Amazing opener! The crowd going apeshit for everything helps.


----------



## Chris22

I love Wheeler Yuta.


----------



## HookedOnThuganomics

Nothing like a spot fest 🥱


----------



## Oracle

This show gonna go 6 hours.


----------



## redban

Almost 30-minutes for this match


----------



## 5 Star Giulia ⭐⭐⭐⭐⭐

*The product will be buried.*

__ https://twitter.com/i/web/status/1541213879493185536


----------



## 3venflow

Shota and Jericho doing their own multi-year story arc. Expect Shota to beat Jericho at Wrestle Kingdom in 2026. 😁


----------



## Nothing Finer

Is that not a finish?!


----------



## Whoanma

3venflow said:


> Shota and Jericho doing their own multi-year story arc. Expect Shota to beat Jericho at Wrestle Kingdom in 2026. 😁


Way loooong term storytelling.


----------



## Geeee

Man, Shota's gonna go back to NJPW with some big babyface material


----------



## Outlaw91

Goooootchhhh!


----------



## CowboyKurtAngle

Oracle said:


> This show gonna go 6 hours.


6am then


----------



## TMTT

3venflow said:


> Shota and Jericho doing their own multi-year story arc. Expect Shota to beat Jericho at Wrestle Kingdom in 2026. 😁


Companies should do that more often.


----------



## Randy Lahey

This has been a great match for just some guys thrown together. WAY better than it had any right being. Perfect mix of brutality and high spots


----------



## 3venflow

This match was been GREAT at making Shota look like a budding star. Yuta also shone.


----------



## Outlaw91

What a match!


----------



## WrestleFAQ

This is so boring.


----------



## Gn1212

That look from Suzuki, lol.


----------



## Whoanma

CowboyKurtAngle said:


> 6am then


Don’t worry. Khan promised ZSJ vs. Mystery Man would be a dream match. You’ll be able to get some well deserved sleep.


----------



## ProjectGargano

Great match it was


----------



## Geeee

Blood and Guts is going to be ridiculous


----------



## RapShepard

Jeff Cobb is cool


----------



## KrysRaw1

Tay looks hot as fuck. That Japanese guy is basically Omega from Japan


----------



## KingofKings1524

Sucks to follow the greatest sports entertainer of all time.


----------



## Chris22

That was such a great opener!


----------



## CowboyKurtAngle

Whoanma said:


> Don’t worry. Khan promised ZSJ vs. Mystery Man would be a dream match. You’ll be able to get some well deserved sleep.


Short and sweet


----------



## NXT Only

FTR over as fuck


----------



## Adapting

FTR with that massive pop.


----------



## sbuch

Who joined the commentary table?


----------



## Geeee

The one guy in the FTR section looked like Fandango


----------



## 3venflow

Oh, they're wearing the AAA tag belts. CMLL are gonna go insane.


----------



## Whoanma

3venflow said:


> Oh, they're wearing the AAA tag belts. CMLL are gonna go insane.
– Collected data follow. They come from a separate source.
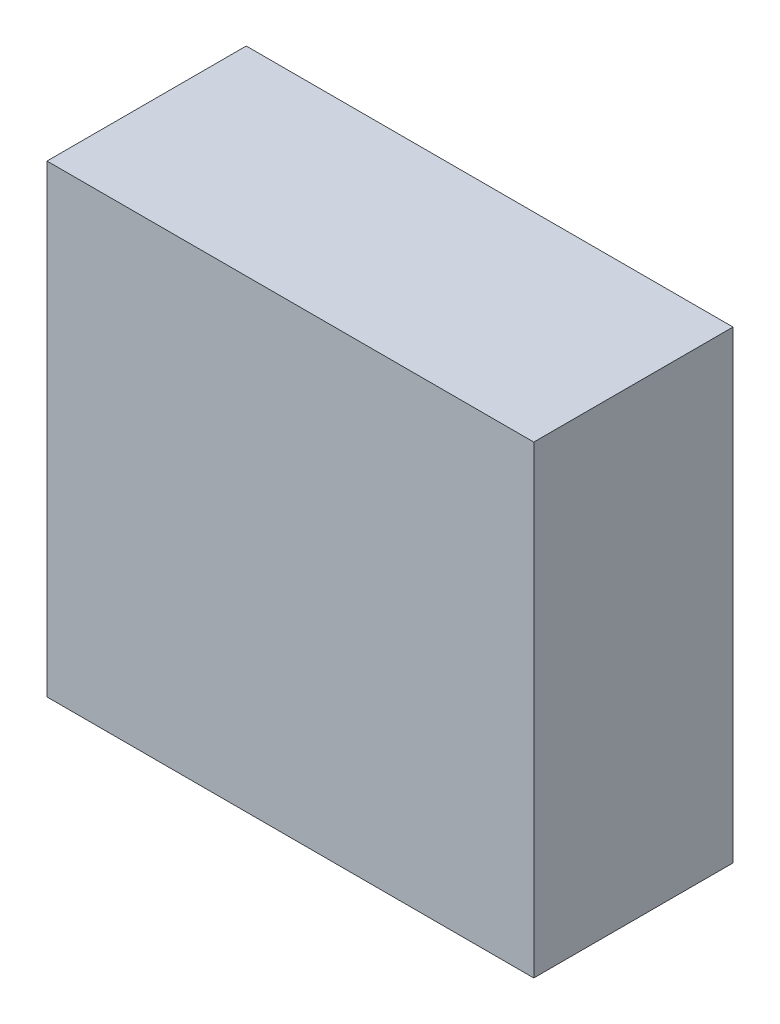
from build123d import *

# Parameters (mm, degrees)
SKETCH1_W      = 43
SKETCH1_H      = 41
ENVELOPE_DEPTH = 17.6


with BuildPart() as part:
    # Sketch1 → Envelope (new body)
    with BuildSketch(Plane.XY):
        Rectangle(SKETCH1_W, SKETCH1_H)
    extrude(amount=ENVELOPE_DEPTH)


solid = part.part

F*ck CMLL. They deserve it.


----------



## Chris22

Let's Go FTR!!!!!!!!!!!!!!!!!!!!!!!!!!!!!!


----------



## Adapting

Hoping FTR take this W.


----------



## One Shed

Hope FTR wins. Best tag team in a long time.


----------



## Geeee

weird to not use a triple threat format


----------



## Scholes18

Anyone else having technical difficulties on PPV? Second time it’s went out and I ordered it on cable.


----------



## rich110991

Lol I remember when my cousin told me no one cares about FTR


----------



## CowboyKurtAngle

Harwood has been great recently


----------



## Adapting

rich110991 said:


> Lol I remember when my cousin told me no one cares about FTR


Instead it was the other way around nobody cared about your cousin. 😆


----------



## LifeInCattleClass

Fuck that Opening match was fuckingggg FIRE


----------



## Sad Panda

That opening bout was damn good. Let’s go FTR!


----------



## Randy Lahey

Kevin Kelly is a billion times better than Jim Ross. He just sounds more like a polished sports announcer calling the match like a sporting event which is always what AEW has been going for


----------



## Whoanma

So much love for FTR warms my heart.


----------



## Sad Panda

Fuck…. Dax might be injured


----------



## 3venflow

Are we being worked by Dax's injury or...


----------



## LifeInCattleClass

Dang, dax is hurt


----------



## NXT Only

Dax legit hurt.


----------



## Geeee

Dax has been one of the best in-ring performers in 2022, would really suck if he's actually injured


----------



## Sad Panda

3venflow said:


> Are we being worked by Dax's injury or...


I really hope so


----------



## MrMeeseeks

This card might be cursed


----------



## Adapting

RIP Dax someone shine his blad head so he can recover swiftly.


----------



## 5 Star Giulia ⭐⭐⭐⭐⭐

*This format sucks. I would have liked to see one representative from each team in the ring like the STARDOM girls did last night. *


----------



## CowboyKurtAngle

Cheers!


----------



## Geeee

I feel like NJPW should give Cobb a better partner.


----------



## Chris22

I really hope Dax is ok!


----------



## 3venflow

IF Dax is legit injured and FTR are meant to win, WTF do they do? RPG could be the safe bet since they can travel between AEW, NJPW and ROH seamlessly. UE might have committments that clash with the ROH PPV next month.


----------



## KrysRaw1

What happened to Dax? Hopefully Cash wins it alone.


----------



## One Shed

I walked outside to light the grill. What happened to Dax???


----------



## 3venflow

Oh he's back!


----------



## Adapting

Dislocated shoulder that they popped right back in.


----------



## 5 Star Giulia ⭐⭐⭐⭐⭐

*Dax just pulled a Cody.*


----------



## Whoanma

He’s back.


----------



## KrysRaw1

3venflow said:


> IF Dax is legit injured and FTR are meant to win, WTF do they do? RPG could be the safe bet since they can travel between AEW, NJPW and ROH seamlessly. UE might have committments that clash with the ROH PPV next month.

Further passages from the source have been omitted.